Unit PROBABILITY AND STATISTICS II - mod. STATISTICAL LEARNING
- Course
- Mathematics
- Study-unit Code
- A005435
- Curriculum
- Generale
- Teacher
- Andrea Capotorti
- Teachers
-
- Andrea Capotorti
- Hours
- 42 ore - Andrea Capotorti
- CFU
- 6
- Course Regulation
- Coorte 2025
- Offered
- 2025/26
- Learning activities
- Caratterizzante
- Area
- Formazione matematica modellistico-computazionale avanzata
- Academic discipline
- MAT/06
- Type of study-unit
- Opzionale (Optional)
- Type of learning activities
- Attività formativa monodisciplinare
- Language of instruction
- Italian
- Contents
- Mathematical insights into advanced statistical methods in Statistical and Machine Learning, both in the case of supervised learning (classification and regression) and unsupervised learning (cluster analysis, dimensionality reduction).
- Reference texts
- Hastie T., Tibshirani R., Friedman J. The Elements of Statistical Learning Data Mining,Inference,and Prediction (available on-line at https://hastie.su.domains/ElemStatLearn/download.html) James G., Witten D., Hastie T., Tibshirani R. (2021) An Introduction to Statistical Learning with Applications in R, 2nd edition, Springer-Verlag (freely available at https://www.statlearning.com) Slides delle lezioni disponibili nella pagina UniStudium del corso.
- Educational objectives
- The course is a mathematical study of the main methods and techniques of Statistical and Machine Learning, both in the supervised (regression and classification) and unsupervised (clustering and dimensionality reduction) fields. The main knowledge acquired will be: • introductory concepts and specific statistical learning models; • evaluation of the predictive capacity of regression and classification models through resampling techniques.
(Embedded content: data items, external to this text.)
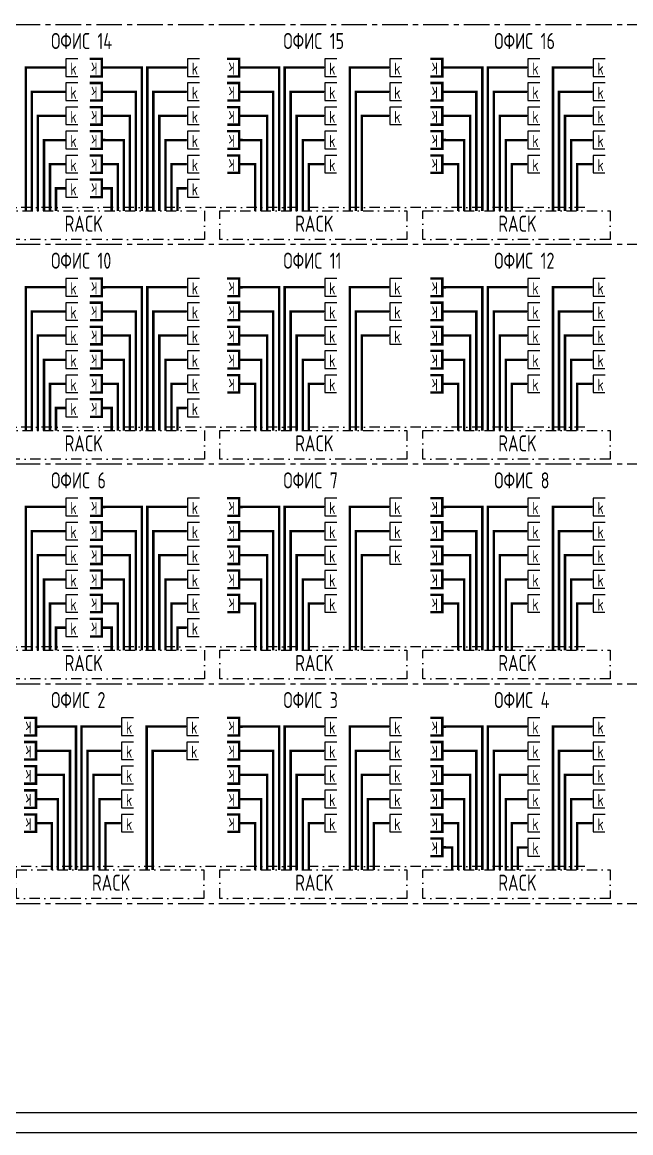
# Model space of a CAD drawing. Extents: x 25325 to 182345, y 3956 to 147305.
# Drawn here: x 43566 to 44323, y 11548 to 12928 of the extents above; entities that cross this region are included whole.
import ezdxf

# ---------------------------------------------------------------- set-up
doc = ezdxf.new("R2010")
doc.units = 0
doc.header["$MEASUREMENT"] = 0
doc.linetypes.add('CENTER', pattern=[50.8, 31.75, -6.35, 6.35, -6.35])
doc.linetypes.add('DASHDOT', pattern=[25.4, 12.7, -6.35, 0, -6.35])
doc.layers.get('0').update_dxf_attribs({"linetype": 'CONTINUOUS'})
for name, color, linetype in [('CAT6A UNDERGROUND PORTS ROUTING', 1, 'CONTINUOUS'), ('ELINT', 30, 'DASHDOT'), ('ELSH', 111, 'CONTINUOUS')]:
    doc.layers.add(name, color=color, linetype=linetype)
doc.styles.get("Standard").update_dxf_attribs({"font": 'simplex.shx', "width": 0.7, "height": 10})
doc.styles.add('Tabla_100', font='simplex.shx', dxfattribs={"width": 0.7, "height": 20})

# ---------------------------------------------------------------- blocks, each defined once
blk = doc.blocks.new('A1_M100')
at = {"ltscale": 30}
blk.add_lwpolyline([(0, 5940), (8410, 5940), (8410, 0), (0, 0)], close=True, dxfattribs=at)
at = {"ltscale": 30, "const_width": 3}
blk.add_lwpolyline([(8360, 5890), (200, 5890), (200, 50), (8360, 50)], close=True, dxfattribs=at)

msp = doc.modelspace()

# ---------------------------------------------------------------- linework, layer by layer
at = {"layer": 'CAT6A UNDERGROUND PORTS ROUTING'}
for points in [[(43635.6, 12882.67), (43620.66, 12882.67), (43620.66, 12860.9), (43635.36, 12860.9)], [(43786.65, 12882.67), (43771.71, 12882.67), (43771.71, 12860.9), (43786.41, 12860.9)], [(43957.51, 12882.67), (43942.57, 12882.67), (43942.57, 12860.9), (43957.26, 12860.9)], [(44038.56, 12882.67), (44023.62, 12882.67), (44023.62, 12860.9), (44038.32, 12860.9)], [(44210.25, 12882.67), (44195.32, 12882.67), (44195.32, 12860.9), (44210.01, 12860.9)], [(44291.3, 12882.67), (44276.37, 12882.67), (44276.37, 12860.9), (44291.06, 12860.9)], [(43620.66, 12871.78), (43616.25, 12871.78)], [(43771.71, 12871.78), (43767.3, 12871.78)], [(43942.57, 12871.78), (43938.16, 12871.78)], [(44023.62, 12871.78), (44019.21, 12871.78)], [(44195.32, 12871.78), (44190.9, 12871.78)], [(44276.37, 12871.78), (44271.96, 12871.78)], [(43635.6, 12852.67), (43620.66, 12852.67), (43620.66, 12830.9), (43635.36, 12830.9)], [(43786.65, 12852.67), (43771.71, 12852.67), (43771.71, 12830.9), (43786.41, 12830.9)], [(43957.51, 12852.67), (43942.57, 12852.67), (43942.57, 12830.9), (43957.26, 12830.9)], [(44038.56, 12852.67), (44023.62, 12852.67), (44023.62, 12830.9), (44038.32, 12830.9)], [(44210.25, 12852.67), (44195.32, 12852.67), (44195.32, 12830.9), (44210.01, 12830.9)], [(44291.3, 12852.67), (44276.37, 12852.67), (44276.37, 12830.9), (44291.06, 12830.9)], [(43620.66, 12841.78), (43616.25, 12841.78)], [(43771.71, 12841.78), (43767.3, 12841.78)], [(43942.57, 12841.78), (43938.16, 12841.78)], [(44023.62, 12841.78), (44019.21, 12841.78)], [(44195.32, 12841.78), (44190.9, 12841.78)], [(44276.37, 12841.78), (44271.96, 12841.78)], [(43635.6, 12822.67), (43620.66, 12822.67), (43620.66, 12800.9), (43635.36, 12800.9)], [(43786.65, 12822.67), (43771.71, 12822.67), (43771.71, 12800.9), (43786.41, 12800.9)], [(43957.51, 12822.67), (43942.57, 12822.67), (43942.57, 12800.9), (43957.26, 12800.9)], [(44038.56, 12822.67), (44023.62, 12822.67), (44023.62, 12800.9), (44038.32, 12800.9)], [(44210.25, 12822.67), (44195.32, 12822.67), (44195.32, 12800.9), (44210.01, 12800.9)], [(44291.3, 12822.67), (44276.37, 12822.67), (44276.37, 12800.9), (44291.06, 12800.9)], [(43620.66, 12811.78), (43616.25, 12811.78)], [(43771.71, 12811.78), (43767.3, 12811.78)], [(43942.57, 12811.78), (43938.16, 12811.78)], [(44023.62, 12811.78), (44019.21, 12811.78)], [(44195.32, 12811.78), (44190.9, 12811.78)], [(44276.37, 12811.78), (44271.96, 12811.78)], [(43620.66, 12781.78), (43616.25, 12781.78)], [(43635.6, 12792.67), (43620.66, 12792.67), (43620.66, 12770.9), (43635.36, 12770.9)], [(43771.71, 12781.78), (43767.3, 12781.78)], [(43786.65, 12792.67), (43771.71, 12792.67), (43771.71, 12770.9), (43786.41, 12770.9)], [(43942.57, 12781.78), (43938.16, 12781.78)], [(43957.51, 12792.67), (43942.57, 12792.67), (43942.57, 12770.9), (43957.26, 12770.9)], [(44195.32, 12781.78), (44190.9, 12781.78)], [(44210.25, 12792.67), (44195.32, 12792.67), (44195.32, 12770.9), (44210.01, 12770.9)], [(44276.37, 12781.78), (44271.96, 12781.78)], [(44291.3, 12792.67), (44276.37, 12792.67), (44276.37, 12770.9), (44291.06, 12770.9)], [(43635.6, 12762.67), (43620.66, 12762.67), (43620.66, 12740.9), (43635.36, 12740.9)], [(43786.65, 12762.67), (43771.71, 12762.67), (43771.71, 12740.9), (43786.41, 12740.9)], [(43957.51, 12762.67), (43942.57, 12762.67), (43942.57, 12740.9), (43957.26, 12740.9)], [(44210.25, 12762.67), (44195.32, 12762.67), (44195.32, 12740.9), (44210.01, 12740.9)], [(44291.3, 12762.67), (44276.37, 12762.67), (44276.37, 12740.9), (44291.06, 12740.9)], [(43620.66, 12751.78), (43616.25, 12751.78)], [(43771.71, 12751.78), (43767.3, 12751.78)], [(43942.57, 12751.78), (43938.16, 12751.78)], [(44195.32, 12751.78), (44190.9, 12751.78)], [(44276.37, 12751.78), (44271.96, 12751.78)], [(43635.6, 12732.67), (43620.66, 12732.67), (43620.66, 12710.9), (43635.36, 12710.9)], [(43786.65, 12732.67), (43771.71, 12732.67), (43771.71, 12710.9), (43786.41, 12710.9)], [(43620.66, 12721.78), (43616.25, 12721.78)], [(43771.71, 12721.78), (43767.3, 12721.78)], [(43635.6, 12609.67), (43620.66, 12609.67), (43620.66, 12587.9), (43635.36, 12587.9)], [(43786.65, 12609.67), (43771.71, 12609.67), (43771.71, 12587.9), (43786.41, 12587.9)], [(43957.51, 12609.67), (43942.57, 12609.67), (43942.57, 12587.9), (43957.26, 12587.9)], [(44038.56, 12609.67), (44023.62, 12609.67), (44023.62, 12587.9), (44038.32, 12587.9)], [(44210.25, 12609.67), (44195.32, 12609.67), (44195.32, 12587.9), (44210.01, 12587.9)], [(44291.3, 12609.67), (44276.37, 12609.67), (44276.37, 12587.9), (44291.06, 12587.9)], [(43620.66, 12598.78), (43616.25, 12598.78)], [(43771.71, 12598.78), (43767.3, 12598.78)], [(43942.57, 12598.78), (43938.16, 12598.78)], [(44023.62, 12598.78), (44019.21, 12598.78)], [(44195.32, 12598.78), (44190.9, 12598.78)], [(44276.37, 12598.78), (44271.96, 12598.78)], [(43635.6, 12579.67), (43620.66, 12579.67), (43620.66, 12557.9), (43635.36, 12557.9)], [(43786.65, 12579.67), (43771.71, 12579.67), (43771.71, 12557.9), (43786.41, 12557.9)], [(43957.51, 12579.67), (43942.57, 12579.67), (43942.57, 12557.9), (43957.26, 12557.9)], [(44038.56, 12579.67), (44023.62, 12579.67), (44023.62, 12557.9), (44038.32, 12557.9)], [(44210.25, 12579.67), (44195.32, 12579.67), (44195.32, 12557.9), (44210.01, 12557.9)], [(44291.3, 12579.67), (44276.37, 12579.67), (44276.37, 12557.9), (44291.06, 12557.9)], [(43620.66, 12568.78), (43616.25, 12568.78)], [(43771.71, 12568.78), (43767.3, 12568.78)], [(43942.57, 12568.78), (43938.16, 12568.78)], [(44023.62, 12568.78), (44019.21, 12568.78)], [(44195.32, 12568.78), (44190.9, 12568.78)], [(44276.37, 12568.78), (44271.96, 12568.78)], [(43635.6, 12549.67), (43620.66, 12549.67), (43620.66, 12527.9), (43635.36, 12527.9)], [(43786.65, 12549.67), (43771.71, 12549.67), (43771.71, 12527.9), (43786.41, 12527.9)], [(43957.51, 12549.67), (43942.57, 12549.67), (43942.57, 12527.9), (43957.26, 12527.9)], [(44038.56, 12549.67), (44023.62, 12549.67), (44023.62, 12527.9), (44038.32, 12527.9)], [(44210.25, 12549.67), (44195.32, 12549.67), (44195.32, 12527.9), (44210.01, 12527.9)], [(44291.3, 12549.67), (44276.37, 12549.67), (44276.37, 12527.9), (44291.06, 12527.9)], [(43620.66, 12538.78), (43616.25, 12538.78)], [(43771.71, 12538.78), (43767.3, 12538.78)], [(43942.57, 12538.78), (43938.16, 12538.78)], [(44023.62, 12538.78), (44019.21, 12538.78)], [(44195.32, 12538.78), (44190.9, 12538.78)], [(44276.37, 12538.78), (44271.96, 12538.78)], [(43635.6, 12519.67), (43620.66, 12519.67), (43620.66, 12497.9), (43635.36, 12497.9)], [(43786.65, 12519.67), (43771.71, 12519.67), (43771.71, 12497.9), (43786.41, 12497.9)], [(43957.51, 12519.67), (43942.57, 12519.67), (43942.57, 12497.9), (43957.26, 12497.9)], [(44210.25, 12519.67), (44195.32, 12519.67), (44195.32, 12497.9), (44210.01, 12497.9)], [(44291.3, 12519.67), (44276.37, 12519.67), (44276.37, 12497.9), (44291.06, 12497.9)], [(43620.66, 12508.78), (43616.25, 12508.78)], [(43771.71, 12508.78), (43767.3, 12508.78)], [(43942.57, 12508.78), (43938.16, 12508.78)], [(44195.32, 12508.78), (44190.9, 12508.78)], [(44276.37, 12508.78), (44271.96, 12508.78)], [(43620.66, 12478.78), (43616.25, 12478.78)], [(43635.6, 12489.67), (43620.66, 12489.67), (43620.66, 12467.9), (43635.36, 12467.9)], [(43771.71, 12478.78), (43767.3, 12478.78)], [(43786.65, 12489.67), (43771.71, 12489.67), (43771.71, 12467.9), (43786.41, 12467.9)], [(43942.57, 12478.78), (43938.16, 12478.78)], [(43957.51, 12489.67), (43942.57, 12489.67), (43942.57, 12467.9), (43957.26, 12467.9)], [(44195.32, 12478.78), (44190.9, 12478.78)], [(44210.25, 12489.67), (44195.32, 12489.67), (44195.32, 12467.9), (44210.01, 12467.9)], [(44276.37, 12478.78), (44271.96, 12478.78)], [(44291.3, 12489.67), (44276.37, 12489.67), (44276.37, 12467.9), (44291.06, 12467.9)], [(43635.6, 12459.67), (43620.66, 12459.67), (43620.66, 12437.9), (43635.36, 12437.9)], [(43786.65, 12459.67), (43771.71, 12459.67), (43771.71, 12437.9), (43786.41, 12437.9)], [(43620.66, 12448.78), (43616.25, 12448.78)], [(43771.71, 12448.78), (43767.3, 12448.78)], [(43620.66, 12325.78), (43616.25, 12325.78)], [(43635.6, 12336.67), (43620.66, 12336.67), (43620.66, 12314.9), (43635.36, 12314.9)], [(43771.71, 12325.78), (43767.3, 12325.78)], [(43786.65, 12336.67), (43771.71, 12336.67), (43771.71, 12314.9), (43786.41, 12314.9)], [(43942.57, 12325.78), (43938.16, 12325.78)], [(43957.51, 12336.67), (43942.57, 12336.67), (43942.57, 12314.9), (43957.26, 12314.9)], [(44023.62, 12325.78), (44019.21, 12325.78)], [(44038.56, 12336.67), (44023.62, 12336.67), (44023.62, 12314.9), (44038.32, 12314.9)], [(44195.32, 12325.78), (44190.9, 12325.78)], [(44210.25, 12336.67), (44195.32, 12336.67), (44195.32, 12314.9), (44210.01, 12314.9)], [(44276.37, 12325.78), (44271.96, 12325.78)], [(44291.3, 12336.67), (44276.37, 12336.67), (44276.37, 12314.9), (44291.06, 12314.9)], [(43635.6, 12306.67), (43620.66, 12306.67), (43620.66, 12284.9), (43635.36, 12284.9)], [(43786.65, 12306.67), (43771.71, 12306.67), (43771.71, 12284.9), (43786.41, 12284.9)], [(43957.51, 12306.67), (43942.57, 12306.67), (43942.57, 12284.9), (43957.26, 12284.9)], [(44038.56, 12306.67), (44023.62, 12306.67), (44023.62, 12284.9), (44038.32, 12284.9)], [(44210.25, 12306.67), (44195.32, 12306.67), (44195.32, 12284.9), (44210.01, 12284.9)], [(44291.3, 12306.67), (44276.37, 12306.67), (44276.37, 12284.9), (44291.06, 12284.9)], [(43620.66, 12295.78), (43616.25, 12295.78)], [(43771.71, 12295.78), (43767.3, 12295.78)], [(43942.57, 12295.78), (43938.16, 12295.78)], [(44023.62, 12295.78), (44019.21, 12295.78)], [(44195.32, 12295.78), (44190.9, 12295.78)], [(44276.37, 12295.78), (44271.96, 12295.78)], [(43635.6, 12276.67), (43620.66, 12276.67), (43620.66, 12254.9), (43635.36, 12254.9)], [(43786.65, 12276.67), (43771.71, 12276.67), (43771.71, 12254.9), (43786.41, 12254.9)], [(43957.51, 12276.67), (43942.57, 12276.67), (43942.57, 12254.9), (43957.26, 12254.9)], [(44038.56, 12276.67), (44023.62, 12276.67), (44023.62, 12254.9), (44038.32, 12254.9)], [(44210.25, 12276.67), (44195.32, 12276.67), (44195.32, 12254.9), (44210.01, 12254.9)], [(44291.3, 12276.67), (44276.37, 12276.67), (44276.37, 12254.9), (44291.06, 12254.9)], [(43620.66, 12265.78), (43616.25, 12265.78)], [(43771.71, 12265.78), (43767.3, 12265.78)], [(43942.57, 12265.78), (43938.16, 12265.78)], [(44023.62, 12265.78), (44019.21, 12265.78)], [(44195.32, 12265.78), (44190.9, 12265.78)], [(44276.37, 12265.78), (44271.96, 12265.78)], [(43635.6, 12246.67), (43620.66, 12246.67), (43620.66, 12224.9), (43635.36, 12224.9)], [(43786.65, 12246.67), (43771.71, 12246.67), (43771.71, 12224.9), (43786.41, 12224.9)], [(43957.51, 12246.67), (43942.57, 12246.67), (43942.57, 12224.9), (43957.26, 12224.9)], [(44210.25, 12246.67), (44195.32, 12246.67), (44195.32, 12224.9), (44210.01, 12224.9)], [(44291.3, 12246.67), (44276.37, 12246.67), (44276.37, 12224.9), (44291.06, 12224.9)], [(43620.66, 12235.78), (43616.25, 12235.78)], [(43771.71, 12235.78), (43767.3, 12235.78)], [(43942.57, 12235.78), (43938.16, 12235.78)], [(44195.32, 12235.78), (44190.9, 12235.78)], [(44276.37, 12235.78), (44271.96, 12235.78)], [(43635.6, 12216.67), (43620.66, 12216.67), (43620.66, 12194.9), (43635.36, 12194.9)], [(43786.65, 12216.67), (43771.71, 12216.67), (43771.71, 12194.9), (43786.41, 12194.9)], [(43957.51, 12216.67), (43942.57, 12216.67), (43942.57, 12194.9), (43957.26, 12194.9)], [(44210.25, 12216.67), (44195.32, 12216.67), (44195.32, 12194.9), (44210.01, 12194.9)], [(44291.3, 12216.67), (44276.37, 12216.67), (44276.37, 12194.9), (44291.06, 12194.9)], [(43620.66, 12205.78), (43616.25, 12205.78)], [(43771.71, 12205.78), (43767.3, 12205.78)], [(43942.57, 12205.78), (43938.16, 12205.78)], [(44195.32, 12205.78), (44190.9, 12205.78)], [(44276.37, 12205.78), (44271.96, 12205.78)], [(43620.66, 12175.78), (43616.25, 12175.78)], [(43635.6, 12186.67), (43620.66, 12186.67), (43620.66, 12164.9), (43635.36, 12164.9)], [(43771.71, 12175.78), (43767.3, 12175.78)], [(43786.65, 12186.67), (43771.71, 12186.67), (43771.71, 12164.9), (43786.41, 12164.9)], [(43704.76, 12063.67), (43689.83, 12063.67), (43689.83, 12041.9), (43704.52, 12041.9)], [(43785.81, 12063.67), (43770.88, 12063.67), (43770.88, 12041.9), (43785.57, 12041.9)], [(43957.51, 12063.67), (43942.57, 12063.67), (43942.57, 12041.9), (43957.26, 12041.9)], [(44038.56, 12063.67), (44023.62, 12063.67), (44023.62, 12041.9), (44038.32, 12041.9)], [(44210.25, 12063.67), (44195.32, 12063.67), (44195.32, 12041.9), (44210.01, 12041.9)], [(44291.3, 12063.67), (44276.37, 12063.67), (44276.37, 12041.9), (44291.06, 12041.9)], [(43689.83, 12052.78), (43685.41, 12052.78)], [(43770.88, 12052.78), (43766.47, 12052.78)], [(43942.57, 12052.78), (43938.16, 12052.78)], [(44023.62, 12052.78), (44019.21, 12052.78)], [(44195.32, 12052.78), (44190.9, 12052.78)], [(44276.37, 12052.78), (44271.96, 12052.78)], [(43689.83, 12022.78), (43685.41, 12022.78)], [(43704.76, 12033.67), (43689.83, 12033.67), (43689.83, 12011.9), (43704.52, 12011.9)], [(43770.88, 12022.78), (43766.47, 12022.78)], [(43785.81, 12033.67), (43770.88, 12033.67), (43770.88, 12011.9), (43785.57, 12011.9)], [(43942.57, 12022.78), (43938.16, 12022.78)], [(43957.51, 12033.67), (43942.57, 12033.67), (43942.57, 12011.9), (43957.26, 12011.9)], [(44023.62, 12022.78), (44019.21, 12022.78)], [(44038.56, 12033.67), (44023.62, 12033.67), (44023.62, 12011.9), (44038.32, 12011.9)], [(44195.32, 12022.78), (44190.9, 12022.78)], [(44210.25, 12033.67), (44195.32, 12033.67), (44195.32, 12011.9), (44210.01, 12011.9)], [(44276.37, 12022.78), (44271.96, 12022.78)], [(44291.3, 12033.67), (44276.37, 12033.67), (44276.37, 12011.9), (44291.06, 12011.9)], [(43704.76, 12003.67), (43689.83, 12003.67), (43689.83, 11981.9), (43704.52, 11981.9)], [(43957.51, 12003.67), (43942.57, 12003.67), (43942.57, 11981.9), (43957.26, 11981.9)], [(44038.56, 12003.67), (44023.62, 12003.67), (44023.62, 11981.9), (44038.32, 11981.9)], [(44210.25, 12003.67), (44195.32, 12003.67), (44195.32, 11981.9), (44210.01, 11981.9)], [(44291.3, 12003.67), (44276.37, 12003.67), (44276.37, 11981.9), (44291.06, 11981.9)], [(43689.83, 11992.78), (43685.41, 11992.78)], [(43942.57, 11992.78), (43938.16, 11992.78)], [(44023.62, 11992.78), (44019.21, 11992.78)], [(44195.32, 11992.78), (44190.9, 11992.78)], [(44276.37, 11992.78), (44271.96, 11992.78)], [(43704.76, 11973.67), (43689.83, 11973.67), (43689.83, 11951.9), (43704.52, 11951.9)], [(43957.51, 11973.67), (43942.57, 11973.67), (43942.57, 11951.9), (43957.26, 11951.9)], [(44038.56, 11973.67), (44023.62, 11973.67), (44023.62, 11951.9), (44038.32, 11951.9)], [(44210.25, 11973.67), (44195.32, 11973.67), (44195.32, 11951.9), (44210.01, 11951.9)], [(44291.3, 11973.67), (44276.37, 11973.67), (44276.37, 11951.9), (44291.06, 11951.9)], [(43689.83, 11962.78), (43685.41, 11962.78)], [(43942.57, 11962.78), (43938.16, 11962.78)], [(44023.62, 11962.78), (44019.21, 11962.78)], [(44195.32, 11962.78), (44190.9, 11962.78)], [(44276.37, 11962.78), (44271.96, 11962.78)], [(43704.76, 11943.67), (43689.83, 11943.67), (43689.83, 11921.9), (43704.52, 11921.9)], [(43957.51, 11943.67), (43942.57, 11943.67), (43942.57, 11921.9), (43957.26, 11921.9)], [(44038.56, 11943.67), (44023.62, 11943.67), (44023.62, 11921.9), (44038.32, 11921.9)], [(44210.25, 11943.67), (44195.32, 11943.67), (44195.32, 11921.9), (44210.01, 11921.9)], [(44291.3, 11943.67), (44276.37, 11943.67), (44276.37, 11921.9), (44291.06, 11921.9)], [(43689.83, 11932.78), (43685.41, 11932.78)], [(43942.57, 11932.78), (43938.16, 11932.78)], [(44023.62, 11932.78), (44019.21, 11932.78)], [(44195.32, 11932.78), (44190.9, 11932.78)], [(44276.37, 11932.78), (44271.96, 11932.78)], [(44210.25, 11913.67), (44195.32, 11913.67), (44195.32, 11891.9), (44210.01, 11891.9)], [(44195.32, 11902.78), (44190.9, 11902.78)]]:
    msp.add_lwpolyline(points, dxfattribs=at)
at = {"layer": 'CAT6A UNDERGROUND PORTS ROUTING', "const_width": 3}
for points in [[(43650.35, 12882.67), (43665.28, 12882.67), (43665.28, 12860.9), (43650.59, 12860.9)], [(43821.2, 12882.67), (43836.14, 12882.67), (43836.14, 12860.9), (43821.44, 12860.9)], [(44073.95, 12882.67), (44088.88, 12882.67), (44088.88, 12860.9), (44074.19, 12860.9)], [(43665.28, 12871.78), (43669.69, 12871.78)], [(43836.14, 12871.78), (43840.55, 12871.78)], [(44088.88, 12871.78), (44093.29, 12871.78)], [(43650.35, 12852.67), (43665.28, 12852.67), (43665.28, 12830.9), (43650.59, 12830.9)], [(43821.2, 12852.67), (43836.14, 12852.67), (43836.14, 12830.9), (43821.44, 12830.9)], [(44073.95, 12852.67), (44088.88, 12852.67), (44088.88, 12830.9), (44074.19, 12830.9)], [(43665.28, 12841.78), (43669.69, 12841.78)], [(43836.14, 12841.78), (43840.55, 12841.78)], [(44088.88, 12841.78), (44093.29, 12841.78)], [(43650.35, 12822.67), (43665.28, 12822.67), (43665.28, 12800.9), (43650.59, 12800.9)], [(43821.2, 12822.67), (43836.14, 12822.67), (43836.14, 12800.9), (43821.44, 12800.9)], [(44073.95, 12822.67), (44088.88, 12822.67), (44088.88, 12800.9), (44074.19, 12800.9)], [(43665.28, 12811.78), (43669.69, 12811.78)], [(43836.14, 12811.78), (43840.55, 12811.78)], [(44088.88, 12811.78), (44093.29, 12811.78)], [(43650.35, 12792.67), (43665.28, 12792.67), (43665.28, 12770.9), (43650.59, 12770.9)], [(43665.28, 12781.78), (43669.69, 12781.78)], [(43821.2, 12792.67), (43836.14, 12792.67), (43836.14, 12770.9), (43821.44, 12770.9)], [(43836.14, 12781.78), (43840.55, 12781.78)], [(44073.95, 12792.67), (44088.88, 12792.67), (44088.88, 12770.9), (44074.19, 12770.9)], [(44088.88, 12781.78), (44093.29, 12781.78)], [(43650.35, 12762.67), (43665.28, 12762.67), (43665.28, 12740.9), (43650.59, 12740.9)], [(43665.28, 12751.78), (43669.69, 12751.78)], [(43821.2, 12762.67), (43836.14, 12762.67), (43836.14, 12740.9), (43821.44, 12740.9)], [(43836.14, 12751.78), (43840.55, 12751.78)], [(44073.95, 12762.67), (44088.88, 12762.67), (44088.88, 12740.9), (44074.19, 12740.9)], [(44088.88, 12751.78), (44093.29, 12751.78)], [(43650.35, 12732.67), (43665.28, 12732.67), (43665.28, 12710.9), (43650.59, 12710.9)], [(43665.28, 12721.78), (43669.69, 12721.78)], [(43650.35, 12609.67), (43665.28, 12609.67), (43665.28, 12587.9), (43650.59, 12587.9)], [(43821.2, 12609.67), (43836.14, 12609.67), (43836.14, 12587.9), (43821.44, 12587.9)], [(44073.95, 12609.67), (44088.88, 12609.67), (44088.88, 12587.9), (44074.19, 12587.9)], [(43665.28, 12598.78), (43669.69, 12598.78)], [(43836.14, 12598.78), (43840.55, 12598.78)], [(44088.88, 12598.78), (44093.29, 12598.78)], [(43650.35, 12579.67), (43665.28, 12579.67), (43665.28, 12557.9), (43650.59, 12557.9)], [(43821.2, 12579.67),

The main skills (i.e. the ability to apply the acquired knowledge) will be: • autonomously apply the appropriate methods and algorithms to real regression, classification and clustering problems; • analyze data using the R software for the estimation of supervised and unsupervised models.
- Prerequisites
- Knowledge of the main discrete and continuous statistical models, probability distributions and their properties, Bayes theorem, linear regression
- Teaching methods
- Frontal lessons and laboratory activities with R software
- Other information
- Attendance at classes is strongly recommended. For students with Specific Learning Disorders and/or Disabilities please refer to the we page: http://www.unipg.it/disabilita-e-dsa
- Learning verification modality
- Ongoing assessments and final oral exam. Laboratory activities are aimed at assessing the student's ability to put into practice the methodologies introduced in class. The final oral exam is intended to assess the level of knowledge and understanding achieved by the student regarding the computational and methodological aspects covered during the course.
- Extended program
- The course includes a methodological study of advanced statistical methods for Data Science, both in the case of supervised learning (classification and regression) and unsupervised learning (cluster analysis, dimensionality reduction). These methods have been successfully applied in many fields, from finance to economics, from business analytics to social and natural sciences. The methods covered will be introduced starting from real case studies and analyzed using the R software. In detail, the following topics will be covered: - Statistical and machine learning: introduction. - Forecasting vs interpretability. - Supervised vs unsupervised learning. - Classification vs regression. - Evaluation of the accuracy of a statistical model. - Supervised learning: introduction. - Extensions to the linear regression model: model selection and regularization. Polynomial regression. - Resampling methods: cross-validation and bootstrap. - Classification: introduction. - Logistic and multinomial model. - Linear and quadratic discriminant analysis. - Gaussian naive Bayes. - Gaussian finite mixture models. - K-nearest neighbor algorithm. - Advanced methods for regression and classification. - Generalized Additive Models. - Artificial neural networks. - Decision trees. - Bagging. - Random forests. - Boosting. - Unsupervised learning: introduction. - Principal component analysis. - Similarity and distance measures. Distance matrix. - Hierarchical methods for cluster analysis. - Non-hierarchical methods (k-means method). - Model-based clustering.